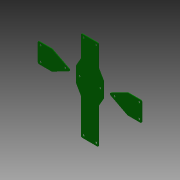
# Autodesk Inventor part: Bottom Plate Veroboard
Saved by Autodesk Inventor 2015 (Build 190159000, 159)
## iProperties
Created: 2015-11-27
Part Number: Bottom Plate Veroboard
Material: ABS Plastic
Document SubType Name: Modeling
Designer: James
Density: 1.06 g/cm^3
Appearance: Smooth - White
Author: James
Autodesk Inventor part; units mm, degrees
ref_plane "YZ Plane" through (0, 0, 0) normal (1, 0, 0) x (0, 1, 0)
ref_plane "XZ Plane" through (0, 0, 0) normal (0, 1, 0) x (-1, 0, 0)
ref_plane "XY Plane" through (0, 0, 0) normal (0, 0, 1) x (1, 0, 0)
sketch "Sketch1" plane through (0, 0, 0) normal (0, 1, 0) x (-1, 0, 0)
  line L0 (-49.1414, 1.7802) -> (-66.9436, 10.8951)
  line L1 (-66.9436, -10.8951) -> (-49.1414, -1.7802)
  line L2 (-37.6128, -11.7654) -> (-37.6128, 11.7654)
  line L3 (5, 11.7654) -> (5, -11.7654)
  line L4 (4.7321, -12.7654) -> (-2.2321, -24.8275)
  line L5 (-37.3449, -12.7654) -> (-30.3808, -24.8275)
  line L6 (-37.3449, 12.7654) -> (-30.3808, 24.8275)
  line L7 (4.7321, 12.7654) -> (-2.2321, 24.8275)
  line L8 (-2.5, 25.8275) -> (-2.5, 57.6025)
  line L9 (-30.1128, 25.8275) -> (-30.1128, 57.6025)
  line L10 (-28.1128, -81.6025) -> (-4.5, -81.6025)
  line L11 (-30.1128, -25.8275) -> (-30.1128, -79.6025)
  line L12 (-2.5, -79.6025) -> (-2.5, -25.8275)
  line L13 (-28.1128, 59.6025) -> (-4.5, 59.6025)
  arc A0 (-28.1128, 59.6025) -> (-30.1128, 57.6025) centre (-28.1128, 57.6025) ccw
  arc A1 (-2.5, 57.6025) -> (-4.5, 59.6025) centre (-4.5, 57.6025) ccw
  arc A2 (-2.5, 25.8275) -> (-2.2321, 24.8275) centre (-0.5, 25.8275) ccw
  arc A3 (5, 11.7654) -> (4.7321, 12.7654) centre (3, 11.7654) ccw
  arc A4 (4.7321, -12.7654) -> (5, -11.7654) centre (3, -11.7654) ccw
  arc A5 (-2.2321, -24.8275) -> (-2.5, -25.8275) centre (-0.5, -25.8275) ccw
  arc A6 (-30.1128, -25.8275) -> (-30.3808, -24.8275) centre (-32.1128, -25.8275) ccw
  arc A7 (-37.6128, -11.7654) -> (-37.3449, -12.7654) centre (-35.6128, -11.7654) ccw
  arc A8 (-37.3449, 12.7654) -> (-37.6128, 11.7654) centre (-35.6128, 11.7654) ccw
  arc A9 (-30.3808, 24.8275) -> (-30.1128, 25.8275) centre (-32.1128, 25.8275) ccw
  arc A10 (-4.5, -81.6025) -> (-2.5, -79.6025) centre (-4.5, -79.6025) ccw
  arc A11 (-30.1128, -79.6025) -> (-28.1128, -81.6025) centre (-28.1128, -79.6025) ccw
  arc A12 (-49.1414, -1.7802) -> (-49.1414, 1.7802) centre (-50.0529, 0) ccw
  line L14 (-66.9436, 10.8951) -> (-75.4155, 15.2328)
  line L15 (-76.327, 15.4526) -> (-95.8447, 15.4526)
  line L16 (-66.9436, -10.8951) -> (-75.4155, -15.2328)
  line L17 (-76.327, -15.4526) -> (-95.8447, -15.4526)
  line L18 (-97.8447, -13.4526) -> (-97.8447, 13.4526)
  arc A13 (-95.8447, 15.4526) -> (-97.8447, 13.4526) centre (-95.8447, 13.4526) ccw
  arc A14 (-75.4155, 15.2328) -> (-76.327, 15.4526) centre (-76.327, 13.4526) ccw
  arc A15 (-76.327, -15.4526) -> (-75.4155, -15.2328) centre (-76.327, -13.4526) ccw
  arc A16 (-97.8447, -13.4526) -> (-95.8447, -15.4526) centre (-95.8447, -13.4526) ccw
  line L19 (16.5286, 1.7802) -> (34.3308, 10.8951)
  arc A17 (16.5286, 1.7802) -> (16.5286, -1.7802) centre (17.4401, 0) ccw
  line L20 (34.3308, -10.8951) -> (16.5286, -1.7802)
  line L21 (34.3308, 10.8951) -> (42.8026, 15.2328)
  arc A18 (43.7141, 15.4526) -> (42.8026, 15.2328) centre (43.7141, 13.4526) ccw
  line L22 (43.7141, 15.4526) -> (63.2319, 15.4526)
  line L23 (34.3308, -10.8951) -> (42.8026, -15.2328)
  line L24 (43.7141, -15.4526) -> (63.2319, -15.4526)
  arc A19 (42.8026, -15.2328) -> (43.7141, -15.4526) centre (43.7141, -13.4526) ccw
  line L25 (65.2319, -13.4526) -> (65.2319, 13.4526)
  arc A20 (63.2319, -15.4526) -> (65.2319, -13.4526) centre (63.2319, -13.4526) ccw
  arc A21 (65.2319, 13.4526) -> (63.2319, 15.4526) centre (63.2319, 13.4526) ccw
  circle A22 centre (-26.1128, -77.6025) radius 1.6
  circle A23 centre (-6.5, -77.6025) radius 1.6
  circle A24 centre (-32.6128, 0) radius 1.6
  circle A25 centre (0, 0) radius 1.6
  circle A26 centre (-26.1128, 55.6025) radius 1.6
  circle A27 centre (-6.5, 55.6025) radius 1.6
  circle A28 centre (-93.8447, 11.4526) radius 1.6
  circle A29 centre (-93.8447, -11.4526) radius 1.6
  circle A30 centre (-55.0529, 0) radius 1.6
  circle A31 centre (61.2319, 11.4526) radius 1.6
  circle A32 centre (61.2319, -11.4526) radius 1.6
  circle A33 centre (22.4401, 0) radius 1.6
  constraints: 52 end point, 44 point on circle, 34 centre point
extrude "Extrusion1" add sketch "Sketch1" along normal blind 1
body "Solid1"

- _Exercise objective_: Retype exactly the lines from the one containing "line L19 (16.5286, 1.7802)" through the last line of the records above, including both.

- _Result of the exercise_:
  line L19 (16.5286, 1.7802) -> (34.3308, 10.8951)
  arc A17 (16.5286, 1.7802) -> (16.5286, -1.7802) centre (17.4401, 0) ccw
  line L20 (34.3308, -10.8951) -> (16.5286, -1.7802)
  line L21 (34.3308, 10.8951) -> (42.8026, 15.2328)
  arc A18 (43.7141, 15.4526) -> (42.8026, 15.2328) centre (43.7141, 13.4526) ccw
  line L22 (43.7141, 15.4526) -> (63.2319, 15.4526)
  line L23 (34.3308, -10.8951) -> (42.8026, -15.2328)
  line L24 (43.7141, -15.4526) -> (63.2319, -15.4526)
  arc A19 (42.8026, -15.2328) -> (43.7141, -15.4526) centre (43.7141, -13.4526) ccw
  line L25 (65.2319, -13.4526) -> (65.2319, 13.4526)
  arc A20 (63.2319, -15.4526) -> (65.2319, -13.4526) centre (63.2319, -13.4526) ccw
  arc A21 (65.2319, 13.4526) -> (63.2319, 15.4526) centre (63.2319, 13.4526) ccw
  circle A22 centre (-26.1128, -77.6025) radius 1.6
  circle A23 centre (-6.5, -77.6025) radius 1.6
  circle A24 centre (-32.6128, 0) radius 1.6
  circle A25 centre (0, 0) radius 1.6
  circle A26 centre (-26.1128, 55.6025) radius 1.6
  circle A27 centre (-6.5, 55.6025) radius 1.6
  circle A28 centre (-93.8447, 11.4526) radius 1.6
  circle A29 centre (-93.8447, -11.4526) radius 1.6
  circle A30 centre (-55.0529, 0) radius 1.6
  circle A31 centre (61.2319, 11.4526) radius 1.6
  circle A32 centre (61.2319, -11.4526) radius 1.6
  circle A33 centre (22.4401, 0) radius 1.6
  constraints: 52 end point, 44 point on circle, 34 centre point
extrude "Extrusion1" add sketch "Sketch1" along normal blind 1
body "Solid1"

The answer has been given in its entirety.